Güvel Muhammed Cihan, Kıyak Yavuz Selim, Varan Hacer Doğan, Sezenöz Burak, Coşkun Özlem, Uluoğlu Canan
Department Medical Pharmacology, Gazi University Faculty of Medicine, Ankara, Turkey.
Department of Medical Education and Informatics, Gazi University Faculty of Medicine, Ankara, Turkey.
Eur J Clin Pharmacol. 2025 Jun;81(6):875-883. doi: 10.1007/s00228-025-03838-2. Epub 2025 Apr 9.
This study evaluated the performance of three generative AI models-ChatGPT- 4o, Gemini 1.5 Advanced Pro, and Claude 3.5 Sonnet-in producing case-based rational pharmacology questions compared to expert educators.
Using one-shot prompting, 60 questions (20 per model) addressing essential hypertension and type 2 diabetes subjects were generated. A multidisciplinary panel categorized questions by usability (no revisions needed, minor or major revisions required, or unusable). Subsequently, 24 AI-generated and 8 expert-created questions were asked to 103 medical students in a real-world exam setting. Performance metrics, including correct response rate, discrimination index, and identification of nonfunctional distractors, were analyzed.

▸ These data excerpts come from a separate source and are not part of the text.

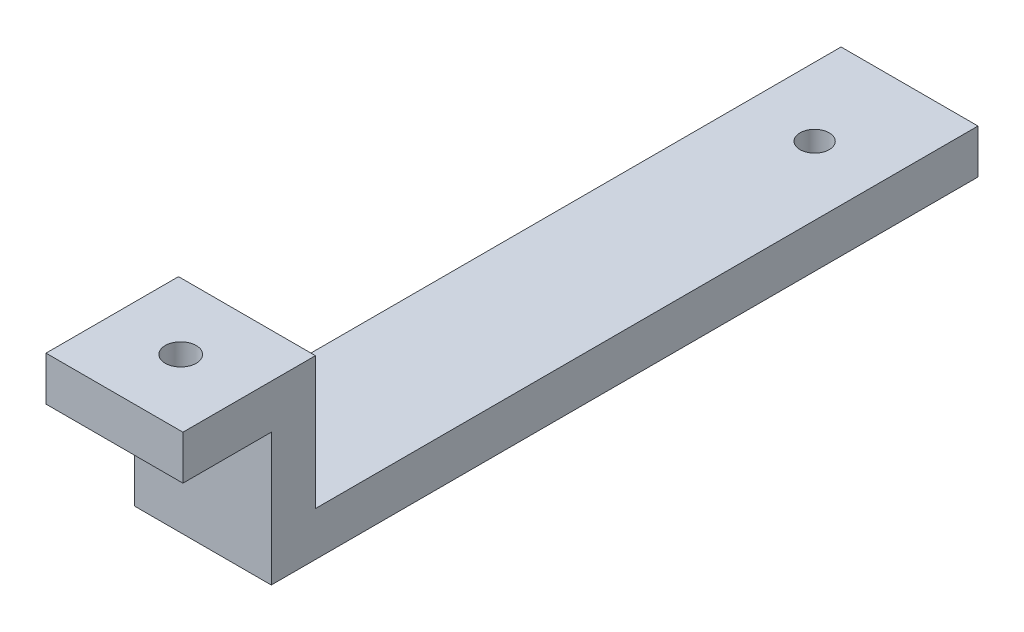
ISO-10303-21;
HEADER;
FILE_DESCRIPTION(('STEP AP214'),'2;1');
FILE_NAME('part.step','',(''),(''),'','','');
FILE_SCHEMA(('AUTOMOTIVE_DESIGN { 1 0 10303 214 1 1 1 1 }'));
ENDSEC;
DATA;
#1=APPLICATION_CONTEXT('core data for automotive mechanical design processes');
#2=APPLICATION_PROTOCOL_DEFINITION('international standard','automotive_design',2000,#1);
#3=PRODUCT_CONTEXT('',#1,'mechanical');
#4=PRODUCT('Part','Part','',(#3));
#5=PRODUCT_RELATED_PRODUCT_CATEGORY('part','',(#4));
#6=PRODUCT_DEFINITION_FORMATION('','',#4);
#7=PRODUCT_DEFINITION_CONTEXT('part definition',#1,'design');
#8=PRODUCT_DEFINITION('design','',#6,#7);
#9=PRODUCT_DEFINITION_SHAPE('','',#8);
#10=(LENGTH_UNIT() NAMED_UNIT(*) SI_UNIT(.MILLI.,.METRE.));
#11=(NAMED_UNIT(*) PLANE_ANGLE_UNIT() SI_UNIT($,.RADIAN.));
#12=(NAMED_UNIT(*) SI_UNIT($,.STERADIAN.) SOLID_ANGLE_UNIT());
#13=UNCERTAINTY_MEASURE_WITH_UNIT(LENGTH_MEASURE(1.E-05),#10,'distance_accuracy_value','');
#14=(GEOMETRIC_REPRESENTATION_CONTEXT(3) GLOBAL_UNCERTAINTY_ASSIGNED_CONTEXT((#13)) GLOBAL_UNIT_ASSIGNED_CONTEXT((#10,
#11,#12)) REPRESENTATION_CONTEXT('',''));
#15=CARTESIAN_POINT('',(0.,0.,0.));
#16=DIRECTION('',(0.,0.,1.));
#17=DIRECTION('',(1.,0.,0.));
#18=AXIS2_PLACEMENT_3D('',#15,#16,#17);
#19=CARTESIAN_POINT('',(31.,-39.972,-30.));
#20=DIRECTION('',(0.,1.,0.));
#21=DIRECTION('',(0.,0.,1.));
#22=AXIS2_PLACEMENT_3D('',#19,#20,#21);
#23=PLANE('',#22);
#24=CARTESIAN_POINT('',(15.494,-39.972,-158.524));
#25=DIRECTION('',(0.,1.,0.));
#26=DIRECTION('',(0.,0.,1.));
#27=AXIS2_PLACEMENT_3D('',#24,#25,#26);
#28=CIRCLE('',#27,3.30199999999998);
#29=CARTESIAN_POINT('',(15.494,-39.972,-155.222));
#30=VERTEX_POINT('',#29);
#31=EDGE_CURVE('E182',#30,#30,#28,.T.);
#32=ORIENTED_EDGE('',*,*,#31,.T.);
#33=EDGE_LOOP('',(#32));
#34=FACE_BOUND('',#33,.T.);
#35=DIRECTION('',(0.,0.,-1.));
#36=VECTOR('',#35,1.);
#37=CARTESIAN_POINT('',(0.,-39.972,-30.));
#38=LINE('',#37,#36);
#39=CARTESIAN_POINT('',(0.,-39.972,-20.));
#40=VERTEX_POINT('',#39);
#41=CARTESIAN_POINT('',(0.,-39.972,-180.));
#42=VERTEX_POINT('',#41);
#43=EDGE_CURVE('E131',#40,#42,#38,.T.);
#44=ORIENTED_EDGE('',*,*,#43,.T.);
#45=DIRECTION('',(-1.,0.,0.));
#46=VECTOR('',#45,1.);
#47=CARTESIAN_POINT('',(31.,-39.972,-180.));
#48=LINE('',#47,#46);
#49=CARTESIAN_POINT('',(31.,-39.972,-180.));
#50=VERTEX_POINT('',#49);
#51=EDGE_CURVE('E11',#50,#42,#48,.T.);
#52=ORIENTED_EDGE('',*,*,#51,.F.);
#53=DIRECTION('',(0.,0.,-1.));
#54=VECTOR('',#53,1.);
#55=CARTESIAN_POINT('',(31.,-39.972,-30.));
#56=LINE('',#55,#54);
#57=CARTESIAN_POINT('',(31.,-39.972,-20.));
#58=VERTEX_POINT('',#57);
#59=EDGE_CURVE('E89',#58,#50,#56,.T.);
#60=ORIENTED_EDGE('',*,*,#59,.F.);
#61=DIRECTION('',(-1.,0.,0.));
#62=VECTOR('',#61,1.);
#63=CARTESIAN_POINT('',(31.,-39.972,-20.));
#64=LINE('',#63,#62);
#65=EDGE_CURVE('E130',#58,#40,#64,.T.);
#66=ORIENTED_EDGE('',*,*,#65,.T.);
#67=EDGE_LOOP('',(#44,#52,#60,#66));
#68=FACE_BOUND('',#67,.T.);
#69=ADVANCED_FACE('F34',(#34,#68),#23,.F.);
#70=CARTESIAN_POINT('',(31.,-29.972,-180.));
#71=DIRECTION('',(0.,0.,-1.));
#72=DIRECTION('',(-1.,0.,0.));
#73=AXIS2_PLACEMENT_3D('',#70,#71,#72);
#74=PLANE('',#73);
#75=DIRECTION('',(0.,-1.,0.));
#76=VECTOR('',#75,1.);
#77=CARTESIAN_POINT('',(0.,-29.972,-180.));
#78=LINE('',#77,#76);
#79=CARTESIAN_POINT('',(0.,-29.972,-180.));
#80=VERTEX_POINT('',#79);
#81=EDGE_CURVE('E134',#80,#42,#78,.T.);
#82=ORIENTED_EDGE('',*,*,#81,.F.);
#83=DIRECTION('',(-1.,0.,0.));
#84=VECTOR('',#83,1.);
#85=CARTESIAN_POINT('',(31.,-29.972,-180.));
#86=LINE('',#85,#84);
#87=CARTESIAN_POINT('',(31.,-29.972,-180.));
#88=VERTEX_POINT('',#87);
#89=EDGE_CURVE('E42',#88,#80,#86,.T.);
#90=ORIENTED_EDGE('',*,*,#89,.F.);
#91=DIRECTION('',(0.,-1.,0.));
#92=VECTOR('',#91,1.);
#93=CARTESIAN_POINT('',(31.,-29.972,-180.));
#94=LINE('',#93,#92);
#95=EDGE_CURVE('E174',#88,#50,#94,.T.);
#96=ORIENTED_EDGE('',*,*,#95,.T.);
#97=ORIENTED_EDGE('',*,*,#51,.T.);
#98=EDGE_LOOP('',(#82,#90,#96,#97));
#99=FACE_BOUND('',#98,.T.);
#100=ADVANCED_FACE('F165',(#99),#74,.T.);
#101=CARTESIAN_POINT('',(31.,-29.972,-30.));
#102=DIRECTION('',(0.,1.,0.));
#103=DIRECTION('',(0.,0.,1.));
#104=AXIS2_PLACEMENT_3D('',#101,#102,#103);
#105=PLANE('',#104);
#106=CARTESIAN_POINT('',(15.494,-29.972,-158.524));
#107=DIRECTION('',(0.,1.,0.));
#108=DIRECTION('',(0.,0.,1.));
#109=AXIS2_PLACEMENT_3D('',#106,#107,#108);
#110=CIRCLE('',#109,3.30199999999998);
#111=CARTESIAN_POINT('',(15.494,-29.972,-155.222));
#112=VERTEX_POINT('',#111);
#113=EDGE_CURVE('E187',#112,#112,#110,.T.);
#114=ORIENTED_EDGE('',*,*,#113,.F.);
#115=EDGE_LOOP('',(#114));
#116=FACE_BOUND('',#115,.T.);
#117=DIRECTION('',(0.,0.,-1.));
#118=VECTOR('',#117,1.);
#119=CARTESIAN_POINT('',(0.,-29.972,-30.));
#120=LINE('',#119,#118);
#121=CARTESIAN_POINT('',(0.,-29.972,-30.));
#122=VERTEX_POINT('',#121);
#123=EDGE_CURVE('E138',#122,#80,#120,.T.);
#124=ORIENTED_EDGE('',*,*,#123,.F.);
#125=DIRECTION('',(-1.,0.,0.));
#126=VECTOR('',#125,1.);
#127=CARTESIAN_POINT('',(31.,-29.972,-30.));
#128=LINE('',#127,#126);
#129=CARTESIAN_POINT('',(31.,-29.972,-30.));
#130=VERTEX_POINT('',#129);
#131=EDGE_CURVE('E155',#130,#122,#128,.T.);
#132=ORIENTED_EDGE('',*,*,#131,.F.);
#133=DIRECTION('',(0.,0.,-1.));
#134=VECTOR('',#133,1.);
#135=CARTESIAN_POINT('',(31.,-29.972,-30.));
#136=LINE('',#135,#134);
#137=EDGE_CURVE('E162',#130,#88,#136,.T.);
#138=ORIENTED_EDGE('',*,*,#137,.T.);
#139=ORIENTED_EDGE('',*,*,#89,.T.);
#140=EDGE_LOOP('',(#124,#132,#138,#139));
#141=FACE_BOUND('',#140,.T.);
#142=ADVANCED_FACE('F160',(#116,#141),#105,.T.);
#143=CARTESIAN_POINT('',(31.,0.,-30.));
#144=DIRECTION('',(0.,0.,-1.));
#145=DIRECTION('',(-1.,0.,0.));
#146=AXIS2_PLACEMENT_3D('',#143,#144,#145);
#147=PLANE('',#146);
#148=DIRECTION('',(0.,-1.,0.));
#149=VECTOR('',#148,1.);
#150=CARTESIAN_POINT('',(0.,0.,-30.));
#151=LINE('',#150,#149);
#152=CARTESIAN_POINT('',(0.,0.,-30.));
#153=VERTEX_POINT('',#152);
#154=EDGE_CURVE('E141',#153,#122,#151,.T.);
#155=ORIENTED_EDGE('',*,*,#154,.F.);
#156=DIRECTION('',(-1.,0.,0.));
#157=VECTOR('',#156,1.);
#158=CARTESIAN_POINT('',(31.,0.,-30.));
#159=LINE('',#158,#157);
#160=CARTESIAN_POINT('',(31.,0.,-30.));
#161=VERTEX_POINT('',#160);
#162=EDGE_CURVE('E153',#161,#153,#159,.T.);
#163=ORIENTED_EDGE('',*,*,#162,.F.);
#164=DIRECTION('',(0.,-1.,0.));
#165=VECTOR('',#164,1.);
#166=CARTESIAN_POINT('',(31.,0.,-30.));
#167=LINE('',#166,#165);
#168=EDGE_CURVE('E125',#161,#130,#167,.T.);
#169=ORIENTED_EDGE('',*,*,#168,.T.);
#170=ORIENTED_EDGE('',*,*,#131,.T.);
#171=EDGE_LOOP('',(#155,#163,#169,#170));
#172=FACE_BOUND('',#171,.T.);
#173=ADVANCED_FACE('F172',(#172),#147,.T.);
#174=CARTESIAN_POINT('',(31.,0.,0.));
#175=DIRECTION('',(0.,1.,0.));
#176=DIRECTION('',(0.,0.,1.));
#177=AXIS2_PLACEMENT_3D('',#174,#175,#176);
#178=PLANE('',#177);
#179=CARTESIAN_POINT('',(15.5,0.,-15.));
#180=DIRECTION('',(0.,1.,0.));
#181=DIRECTION('',(0.,0.,1.));
#182=AXIS2_PLACEMENT_3D('',#179,#180,#181);
#183=CIRCLE('',#182,3.5);
#184=CARTESIAN_POINT('',(15.5,0.,-11.5));
#185=VERTEX_POINT('',#184);
#186=EDGE_CURVE('E179',#185,#185,#183,.T.);
#187=ORIENTED_EDGE('',*,*,#186,.F.);
#188=EDGE_LOOP('',(#187));
#189=FACE_BOUND('',#188,.T.);
#190=DIRECTION('',(0.,0.,-1.));
#191=VECTOR('',#190,1.);
#192=CARTESIAN_POINT('',(0.,0.,0.));
#193=LINE('',#192,#191);
#194=CARTESIAN_POINT('',(0.,0.,0.));
#195=VERTEX_POINT('',#194);
#196=EDGE_CURVE('E144',#195,#153,#193,.T.);
#197=ORIENTED_EDGE('',*,*,#196,.F.);
#198=DIRECTION('',(-1.,0.,0.));
#199=VECTOR('',#198,1.);
#200=CARTESIAN_POINT('',(31.,0.,0.));
#201=LINE('',#200,#199);
#202=CARTESIAN_POINT('',(31.,0.,0.));
#203=VERTEX_POINT('',#202);
#204=EDGE_CURVE('E113',#203,#195,#201,.T.);
#205=ORIENTED_EDGE('',*,*,#204,.F.);
#206=DIRECTION('',(0.,0.,-1.));
#207=VECTOR('',#206,1.);
#208=CARTESIAN_POINT('',(31.,0.,0.));
#209=LINE('',#208,#207);
#210=EDGE_CURVE('E123',#203,#161,#209,.T.);
#211=ORIENTED_EDGE('',*,*,#210,.T.);
#212=ORIENTED_EDGE('',*,*,#162,.T.);
#213=EDGE_LOOP('',(#197,#205,#211,#212));
#214=FACE_BOUND('',#213,.T.);
#215=ADVANCED_FACE('F200',(#189,#214),#178,.T.);
#216=CARTESIAN_POINT('',(31.,-10.,0.));
#217=DIRECTION('',(0.,0.,1.));
#218=DIRECTION('',(1.,0.,0.));
#219=AXIS2_PLACEMENT_3D('',#216,#217,#218);
#220=PLANE('',#219);
#221=DIRECTION('',(0.,1.,0.));
#222=VECTOR('',#221,1.);
#223=CARTESIAN_POINT('',(0.,-10.,0.));
#224=LINE('',#223,#222);
#225=CARTESIAN_POINT('',(0.,-10.,0.));
#226=VERTEX_POINT('',#225);
#227=EDGE_CURVE('E112',#226,#195,#224,.T.);
#228=ORIENTED_EDGE('',*,*,#227,.F.);
#229=DIRECTION('',(-1.,0.,0.));
#230=VECTOR('',#229,1.);
#231=CARTESIAN_POINT('',(31.,-10.,0.));
#232=LINE('',#231,#230);
#233=CARTESIAN_POINT('',(31.,-10.,0.));
#234=VERTEX_POINT('',#233);
#235=EDGE_CURVE('E106',#234,#226,#232,.T.);
#236=ORIENTED_EDGE('',*,*,#235,.F.);
#237=DIRECTION('',(0.,1.,0.));
#238=VECTOR('',#237,1.);
#239=CARTESIAN_POINT('',(31.,-10.,0.));
#240=LINE('',#239,#238);
#241=EDGE_CURVE('E110',#234,#203,#240,.T.);
#242=ORIENTED_EDGE('',*,*,#241,.T.);
#243=ORIENTED_EDGE('',*,*,#204,.T.);
#244=EDGE_LOOP('',(#228,#236,#242,#243));
#245=FACE_BOUND('',#244,.T.);
#246=ADVANCED_FACE('F108',(#245),#220,.T.);
#247=CARTESIAN_POINT('',(31.,-10.,0.));
#248=DIRECTION('',(0.,1.,0.));
#249=DIRECTION('',(0.,0.,1.));
#250=AXIS2_PLACEMENT_3D('',#247,#248,#249);
#251=PLANE('',#250);
#252=CARTESIAN_POINT('',(15.5,-10.,-15.));
#253=DIRECTION('',(0.,1.,0.));
#254=DIRECTION('',(0.,0.,1.));
#255=AXIS2_PLACEMENT_3D('',#252,#253,#254);
#256=CIRCLE('',#255,3.5);
#257=CARTESIAN_POINT('',(15.5,-10.,-11.5));
#258=VERTEX_POINT('',#257);
#259=EDGE_CURVE('E135',#258,#258,#256,.T.);
#260=ORIENTED_EDGE('',*,*,#259,.T.);
#261=EDGE_LOOP('',(#260));
#262=FACE_BOUND('',#261,.T.);
#263=DIRECTION('',(0.,0.,-1.));
#264=VECTOR('',#263,1.);
#265=CARTESIAN_POINT('',(0.,-10.,0.));
#266=LINE('',#265,#264);
#267=CARTESIAN_POINT('',(0.,-10.,-20.));
#268=VERTEX_POINT('',#267);
#269=EDGE_CURVE('E77',#226,#268,#266,.T.);
#270=ORIENTED_EDGE('',*,*,#269,.T.);
#271=DIRECTION('',(-1.,0.,0.));
#272=VECTOR('',#271,1.);
#273=CARTESIAN_POINT('',(31.,-10.,-20.));
#274=LINE('',#273,#272);
#275=CARTESIAN_POINT('',(31.,-10.,-20.));
#276=VERTEX_POINT('',#275);
#277=EDGE_CURVE('E114',#276,#268,#274,.T.);
#278=ORIENTED_EDGE('',*,*,#277,.F.);
#279=DIRECTION('',(0.,0.,-1.));
#280=VECTOR('',#279,1.);
#281=CARTESIAN_POINT('',(31.,-10.,0.));
#282=LINE('',#281,#280);
#283=EDGE_CURVE('E116',#234,#276,#282,.T.);
#284=ORIENTED_EDGE('',*,*,#283,.F.);
#285=ORIENTED_EDGE('',*,*,#235,.T.);
#286=EDGE_LOOP('',(#270,#278,#284,#285));
#287=FACE_BOUND('',#286,.T.);
#288=ADVANCED_FACE('F117',(#262,#287),#251,.F.);
#289=CARTESIAN_POINT('',(31.,0.,-20.));
#290=DIRECTION('',(0.,0.,-1.));
#291=DIRECTION('',(-1.,0.,0.));
#292=AXIS2_PLACEMENT_3D('',#289,#290,#291);
#293=PLANE('',#292);
#294=DIRECTION('',(0.,1.,0.));
#295=VECTOR('',#294,1.);
#296=CARTESIAN_POINT('',(0.,0.,-20.));
#297=LINE('',#296,#295);
#298=EDGE_CURVE('E83',#268,#40,#297,.F.);
#299=ORIENTED_EDGE('',*,*,#298,.T.);
#300=ORIENTED_EDGE('',*,*,#65,.F.);
#301=DIRECTION('',(0.,1.,0.));
#302=VECTOR('',#301,1.);
#303=CARTESIAN_POINT('',(31.,0.,-20.));
#304=LINE('',#303,#302);
#305=EDGE_CURVE('E50',#276,#58,#304,.F.);
#306=ORIENTED_EDGE('',*,*,#305,.F.);
#307=ORIENTED_EDGE('',*,*,#277,.T.);
#308=EDGE_LOOP('',(#299,#300,#306,#307));
#309=FACE_BOUND('',#308,.T.);
#310=ADVANCED_FACE('F208',(#309),#293,.F.);
#311=CARTESIAN_POINT('',(31.,0.,0.));
#312=DIRECTION('',(-1.,0.,0.));
#313=DIRECTION('',(0.,0.,1.));
#314=AXIS2_PLACEMENT_3D('',#311,#312,#313);
#315=PLANE('',#314);
#316=ORIENTED_EDGE('',*,*,#59,.T.);
#317=ORIENTED_EDGE('',*,*,#95,.F.);
#318=ORIENTED_EDGE('',*,*,#137,.F.);
#319=ORIENTED_EDGE('',*,*,#168,.F.);
#320=ORIENTED_EDGE('',*,*,#210,.F.);
#321=ORIENTED_EDGE('',*,*,#241,.F.);
#322=ORIENTED_EDGE('',*,*,#283,.T.);
#323=ORIENTED_EDGE('',*,*,#305,.T.);
#324=EDGE_LOOP('',(#316,#317,#318,#319,#320,#321,#322,#323));
#325=FACE_BOUND('',#324,.T.);
#326=ADVANCED_FACE('F120',(#325),#315,.F.);
#327=CARTESIAN_POINT('',(0.,0.,0.));
#328=DIRECTION('',(-1.,0.,0.));
#329=DIRECTION('',(0.,0.,1.));
#330=AXIS2_PLACEMENT_3D('',#327,#328,#329);
#331=PLANE('',#330);
#332=ORIENTED_EDGE('',*,*,#43,.F.);
#333=ORIENTED_EDGE('',*,*,#298,.F.);
#334=ORIENTED_EDGE('',*,*,#269,.F.);
#335=ORIENTED_EDGE('',*,*,#227,.T.);
#336=ORIENTED_EDGE('',*,*,#196,.T.);
#337=ORIENTED_EDGE('',*,*,#154,.T.);
#338=ORIENTED_EDGE('',*,*,#123,.T.);
#339=ORIENTED_EDGE('',*,*,#81,.T.);
#340=EDGE_LOOP('',(#332,#333,#334,#335,#336,#337,#338,#339));
#341=FACE_BOUND('',#340,.T.);
#342=ADVANCED_FACE('F168',(#341),#331,.T.);
#343=CARTESIAN_POINT('',(15.5,-10.,-15.));
#344=DIRECTION('',(0.,1.,0.));
#345=DIRECTION('',(0.,0.,1.));
#346=AXIS2_PLACEMENT_3D('',#343,#344,#345);
#347=CYLINDRICAL_SURFACE('',#346,3.5);
#348=ORIENTED_EDGE('',*,*,#259,.F.);
#349=EDGE_LOOP('',(#348));
#350=FACE_BOUND('',#349,.T.);
#351=ORIENTED_EDGE('',*,*,#186,.T.);
#352=EDGE_LOOP('',(#351));
#353=FACE_BOUND('',#352,.T.);
#354=ADVANCED_FACE('F229',(#350,#353),#347,.F.);
#355=CARTESIAN_POINT('',(15.494,-40.132,-158.524));
#356=DIRECTION('',(0.,1.,0.));
#357=DIRECTION('',(0.,0.,1.));
#358=AXIS2_PLACEMENT_3D('',#355,#356,#357);
#359=CYLINDRICAL_SURFACE('',#358,3.30199999999998);
#360=ORIENTED_EDGE('',*,*,#113,.T.);
#361=EDGE_LOOP('',(#360));
#362=FACE_BOUND('',#361,.T.);
#363=ORIENTED_EDGE('',*,*,#31,.F.);
#364=EDGE_LOOP('',(#363));
#365=FACE_BOUND('',#364,.T.);
#366=ADVANCED_FACE('F191',(#362,#365),#359,.F.);
#367=CLOSED_SHELL('',(#69,#100,#142,#173,#215,#246,#288,#310,#326,#342,#354,#366));
#368=MANIFOLD_SOLID_BREP('B2',#367);
#369=ADVANCED_BREP_SHAPE_REPRESENTATION('',(#18,#368),#14);
#370=SHAPE_DEFINITION_REPRESENTATION(#9,#369);
ENDSEC;
END-ISO-10303-21;

No statistically significant differences were found between AI-generated and expert-created questions, with mean correct response rates surpassing 50% and discrimination indices consistently equal to or above 0.20. Claude produced the highest proportion of error-free items (12/20), whereas ChatGPT exhibited the fewest unusable items (5/20). Expert revisions required approximately one minute per AI-generated question, representing a substantial efficiency gain over manual question preperation. Nonetheless, 19 out of 60 AI-generated questions were deemed unusable, highlighting the necessity of expert oversight.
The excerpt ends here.